-- TASK BRIEF --
Reproduce verbatim the line where "blk.add_circle((0, 0), radius, dxfattribs=at)" occurs, along with all following lines down to the last line of the data.

-- DATASET EXCERPTS --
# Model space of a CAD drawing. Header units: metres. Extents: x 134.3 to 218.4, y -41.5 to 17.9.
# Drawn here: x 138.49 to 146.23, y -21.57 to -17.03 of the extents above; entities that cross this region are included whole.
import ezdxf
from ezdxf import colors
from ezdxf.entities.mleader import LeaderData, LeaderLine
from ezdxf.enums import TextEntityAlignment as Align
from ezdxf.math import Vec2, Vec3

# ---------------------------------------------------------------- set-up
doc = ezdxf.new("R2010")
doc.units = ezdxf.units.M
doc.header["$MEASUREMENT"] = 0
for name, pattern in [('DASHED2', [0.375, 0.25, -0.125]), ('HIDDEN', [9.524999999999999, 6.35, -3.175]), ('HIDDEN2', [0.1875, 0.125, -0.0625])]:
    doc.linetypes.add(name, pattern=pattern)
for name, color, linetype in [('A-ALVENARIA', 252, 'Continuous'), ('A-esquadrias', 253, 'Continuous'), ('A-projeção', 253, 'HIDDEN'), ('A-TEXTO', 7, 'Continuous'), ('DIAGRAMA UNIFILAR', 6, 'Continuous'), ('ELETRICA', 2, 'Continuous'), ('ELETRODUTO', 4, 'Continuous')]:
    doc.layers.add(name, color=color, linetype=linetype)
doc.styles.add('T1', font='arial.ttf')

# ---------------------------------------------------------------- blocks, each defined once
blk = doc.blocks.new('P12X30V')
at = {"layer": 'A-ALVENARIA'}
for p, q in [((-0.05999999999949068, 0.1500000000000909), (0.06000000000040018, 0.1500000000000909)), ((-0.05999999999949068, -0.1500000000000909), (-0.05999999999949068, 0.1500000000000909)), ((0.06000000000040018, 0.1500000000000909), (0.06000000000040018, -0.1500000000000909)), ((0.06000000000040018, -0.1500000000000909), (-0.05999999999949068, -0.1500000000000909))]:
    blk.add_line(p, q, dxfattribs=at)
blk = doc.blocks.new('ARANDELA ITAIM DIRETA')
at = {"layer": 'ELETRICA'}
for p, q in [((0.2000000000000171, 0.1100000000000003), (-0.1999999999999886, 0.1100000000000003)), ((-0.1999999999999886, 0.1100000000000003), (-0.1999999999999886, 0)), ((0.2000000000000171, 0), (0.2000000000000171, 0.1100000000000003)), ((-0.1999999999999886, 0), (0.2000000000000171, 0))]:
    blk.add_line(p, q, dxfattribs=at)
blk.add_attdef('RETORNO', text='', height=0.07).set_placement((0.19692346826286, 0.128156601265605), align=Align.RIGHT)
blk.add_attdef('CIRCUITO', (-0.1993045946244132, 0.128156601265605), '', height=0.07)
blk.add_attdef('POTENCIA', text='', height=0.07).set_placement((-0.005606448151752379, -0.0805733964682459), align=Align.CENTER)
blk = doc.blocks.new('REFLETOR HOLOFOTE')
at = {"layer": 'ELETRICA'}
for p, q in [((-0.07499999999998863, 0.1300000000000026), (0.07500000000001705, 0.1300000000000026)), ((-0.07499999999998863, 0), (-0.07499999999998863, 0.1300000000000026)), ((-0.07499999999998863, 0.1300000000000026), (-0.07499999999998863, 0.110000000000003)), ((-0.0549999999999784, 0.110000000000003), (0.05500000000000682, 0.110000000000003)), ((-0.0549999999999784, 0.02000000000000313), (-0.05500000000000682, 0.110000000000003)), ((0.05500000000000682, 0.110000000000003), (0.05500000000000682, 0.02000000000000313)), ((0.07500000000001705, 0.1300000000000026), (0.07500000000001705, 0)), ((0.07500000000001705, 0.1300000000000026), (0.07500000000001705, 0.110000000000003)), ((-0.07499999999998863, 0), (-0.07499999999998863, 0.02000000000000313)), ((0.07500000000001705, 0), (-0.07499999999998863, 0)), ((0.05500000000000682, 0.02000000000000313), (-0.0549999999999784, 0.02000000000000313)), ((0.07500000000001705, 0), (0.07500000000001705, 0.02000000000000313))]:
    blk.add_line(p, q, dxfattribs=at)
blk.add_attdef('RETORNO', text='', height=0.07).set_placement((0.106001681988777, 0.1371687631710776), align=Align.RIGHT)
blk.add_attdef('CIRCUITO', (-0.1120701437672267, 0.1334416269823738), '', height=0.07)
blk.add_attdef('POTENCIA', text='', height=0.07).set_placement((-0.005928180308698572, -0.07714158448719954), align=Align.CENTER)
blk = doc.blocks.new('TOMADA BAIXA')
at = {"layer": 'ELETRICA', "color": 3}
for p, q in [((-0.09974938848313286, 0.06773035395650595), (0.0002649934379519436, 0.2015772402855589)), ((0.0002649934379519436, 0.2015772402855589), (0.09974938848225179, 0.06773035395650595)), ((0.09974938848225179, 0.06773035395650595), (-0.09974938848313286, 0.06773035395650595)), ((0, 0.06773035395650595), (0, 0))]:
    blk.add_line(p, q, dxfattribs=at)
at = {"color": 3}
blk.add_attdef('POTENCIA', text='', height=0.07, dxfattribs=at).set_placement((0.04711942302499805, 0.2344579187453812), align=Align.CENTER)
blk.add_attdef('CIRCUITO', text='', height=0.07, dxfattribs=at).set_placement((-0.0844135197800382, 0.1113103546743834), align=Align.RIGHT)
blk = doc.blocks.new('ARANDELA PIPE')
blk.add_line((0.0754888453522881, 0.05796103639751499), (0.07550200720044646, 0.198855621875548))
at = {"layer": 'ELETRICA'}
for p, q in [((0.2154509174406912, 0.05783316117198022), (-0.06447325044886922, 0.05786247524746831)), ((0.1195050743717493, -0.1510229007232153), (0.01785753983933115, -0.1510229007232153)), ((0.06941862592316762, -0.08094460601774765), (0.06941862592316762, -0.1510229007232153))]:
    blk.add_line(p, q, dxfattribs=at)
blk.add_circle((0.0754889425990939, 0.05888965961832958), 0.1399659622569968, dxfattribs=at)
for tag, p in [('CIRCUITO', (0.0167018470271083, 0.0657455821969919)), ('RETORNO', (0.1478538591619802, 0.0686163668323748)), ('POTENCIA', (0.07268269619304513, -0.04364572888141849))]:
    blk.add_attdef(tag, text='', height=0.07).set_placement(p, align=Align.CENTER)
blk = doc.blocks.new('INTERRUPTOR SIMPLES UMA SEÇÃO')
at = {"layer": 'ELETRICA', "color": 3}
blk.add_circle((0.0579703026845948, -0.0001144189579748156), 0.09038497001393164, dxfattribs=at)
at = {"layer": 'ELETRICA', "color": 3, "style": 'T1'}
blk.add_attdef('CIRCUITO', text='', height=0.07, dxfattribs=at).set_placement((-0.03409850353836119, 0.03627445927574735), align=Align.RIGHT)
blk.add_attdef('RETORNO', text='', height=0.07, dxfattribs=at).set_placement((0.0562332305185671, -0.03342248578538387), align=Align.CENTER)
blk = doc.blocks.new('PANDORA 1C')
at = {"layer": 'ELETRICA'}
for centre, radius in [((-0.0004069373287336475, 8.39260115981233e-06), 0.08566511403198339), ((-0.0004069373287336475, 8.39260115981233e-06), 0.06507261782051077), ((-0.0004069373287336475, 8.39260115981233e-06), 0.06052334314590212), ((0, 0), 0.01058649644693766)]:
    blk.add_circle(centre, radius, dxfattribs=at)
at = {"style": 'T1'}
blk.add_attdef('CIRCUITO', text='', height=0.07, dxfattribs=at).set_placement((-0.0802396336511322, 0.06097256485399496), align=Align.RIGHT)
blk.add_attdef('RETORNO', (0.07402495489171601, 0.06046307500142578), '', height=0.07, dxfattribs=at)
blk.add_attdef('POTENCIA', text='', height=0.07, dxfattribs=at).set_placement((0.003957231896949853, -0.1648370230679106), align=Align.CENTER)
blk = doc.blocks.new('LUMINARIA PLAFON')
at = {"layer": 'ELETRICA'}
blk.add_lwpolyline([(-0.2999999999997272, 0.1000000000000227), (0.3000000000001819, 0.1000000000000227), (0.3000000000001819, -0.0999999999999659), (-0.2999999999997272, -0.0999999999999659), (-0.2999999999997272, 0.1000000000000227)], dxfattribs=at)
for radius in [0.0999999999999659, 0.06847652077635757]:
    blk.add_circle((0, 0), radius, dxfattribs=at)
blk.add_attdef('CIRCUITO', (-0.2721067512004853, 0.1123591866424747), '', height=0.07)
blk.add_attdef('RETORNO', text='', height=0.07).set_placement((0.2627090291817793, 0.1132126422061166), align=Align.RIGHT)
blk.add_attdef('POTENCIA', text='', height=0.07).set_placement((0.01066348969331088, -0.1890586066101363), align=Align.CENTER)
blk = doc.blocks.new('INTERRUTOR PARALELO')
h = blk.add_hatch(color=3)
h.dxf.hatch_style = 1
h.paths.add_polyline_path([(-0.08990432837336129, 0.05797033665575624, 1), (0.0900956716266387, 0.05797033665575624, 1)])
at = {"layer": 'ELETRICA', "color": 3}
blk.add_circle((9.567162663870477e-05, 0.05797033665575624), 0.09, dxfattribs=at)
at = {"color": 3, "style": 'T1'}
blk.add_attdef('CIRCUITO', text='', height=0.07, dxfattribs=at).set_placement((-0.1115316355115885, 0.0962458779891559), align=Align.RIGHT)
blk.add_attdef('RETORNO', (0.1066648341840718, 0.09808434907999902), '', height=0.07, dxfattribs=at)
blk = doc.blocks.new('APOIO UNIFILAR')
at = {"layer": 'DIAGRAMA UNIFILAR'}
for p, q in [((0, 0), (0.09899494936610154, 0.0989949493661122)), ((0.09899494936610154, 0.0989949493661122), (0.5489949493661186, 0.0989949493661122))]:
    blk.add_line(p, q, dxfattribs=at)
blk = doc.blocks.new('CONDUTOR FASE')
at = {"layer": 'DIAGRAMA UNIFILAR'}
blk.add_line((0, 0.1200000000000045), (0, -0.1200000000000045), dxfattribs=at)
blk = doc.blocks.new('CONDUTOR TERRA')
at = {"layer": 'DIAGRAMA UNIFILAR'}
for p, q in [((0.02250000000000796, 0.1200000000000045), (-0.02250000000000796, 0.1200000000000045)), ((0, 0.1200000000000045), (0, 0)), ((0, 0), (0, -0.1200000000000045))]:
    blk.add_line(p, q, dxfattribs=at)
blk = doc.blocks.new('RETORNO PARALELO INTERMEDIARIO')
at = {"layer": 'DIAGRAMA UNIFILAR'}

-- TASK ANSWER --
    blk.add_circle((0, 0), radius, dxfattribs=at)
blk.add_attdef('CIRCUITO', (-0.2721067512004853, 0.1123591866424747), '', height=0.07)
blk.add_attdef('RETORNO', text='', height=0.07).set_placement((0.2627090291817793, 0.1132126422061166), align=Align.RIGHT)
blk.add_attdef('POTENCIA', text='', height=0.07).set_placement((0.01066348969331088, -0.1890586066101363), align=Align.CENTER)
blk = doc.blocks.new('INTERRUTOR PARALELO')
h = blk.add_hatch(color=3)
h.dxf.hatch_style = 1
h.paths.add_polyline_path([(-0.08990432837336129, 0.05797033665575624, 1), (0.0900956716266387, 0.05797033665575624, 1)])
at = {"layer": 'ELETRICA', "color": 3}
blk.add_circle((9.567162663870477e-05, 0.05797033665575624), 0.09, dxfattribs=at)
at = {"color": 3, "style": 'T1'}
blk.add_attdef('CIRCUITO', text='', height=0.07, dxfattribs=at).set_placement((-0.1115316355115885, 0.0962458779891559), align=Align.RIGHT)
blk.add_attdef('RETORNO', (0.1066648341840718, 0.09808434907999902), '', height=0.07, dxfattribs=at)
blk = doc.blocks.new('APOIO UNIFILAR')
at = {"layer": 'DIAGRAMA UNIFILAR'}
for p, q in [((0, 0), (0.09899494936610154, 0.0989949493661122)), ((0.09899494936610154, 0.0989949493661122), (0.5489949493661186, 0.0989949493661122))]:
    blk.add_line(p, q, dxfattribs=at)
blk = doc.blocks.new('CONDUTOR FASE')
at = {"layer": 'DIAGRAMA UNIFILAR'}
blk.add_line((0, 0.1200000000000045), (0, -0.1200000000000045), dxfattribs=at)
blk = doc.blocks.new('CONDUTOR TERRA')
at = {"layer": 'DIAGRAMA UNIFILAR'}
for p, q in [((0.02250000000000796, 0.1200000000000045), (-0.02250000000000796, 0.1200000000000045)), ((0, 0.1200000000000045), (0, 0)), ((0, 0), (0, -0.1200000000000045))]:
    blk.add_line(p, q, dxfattribs=at)
blk = doc.blocks.new('RETORNO PARALELO INTERMEDIARIO')
at = {"layer": 'DIAGRAMA UNIFILAR'}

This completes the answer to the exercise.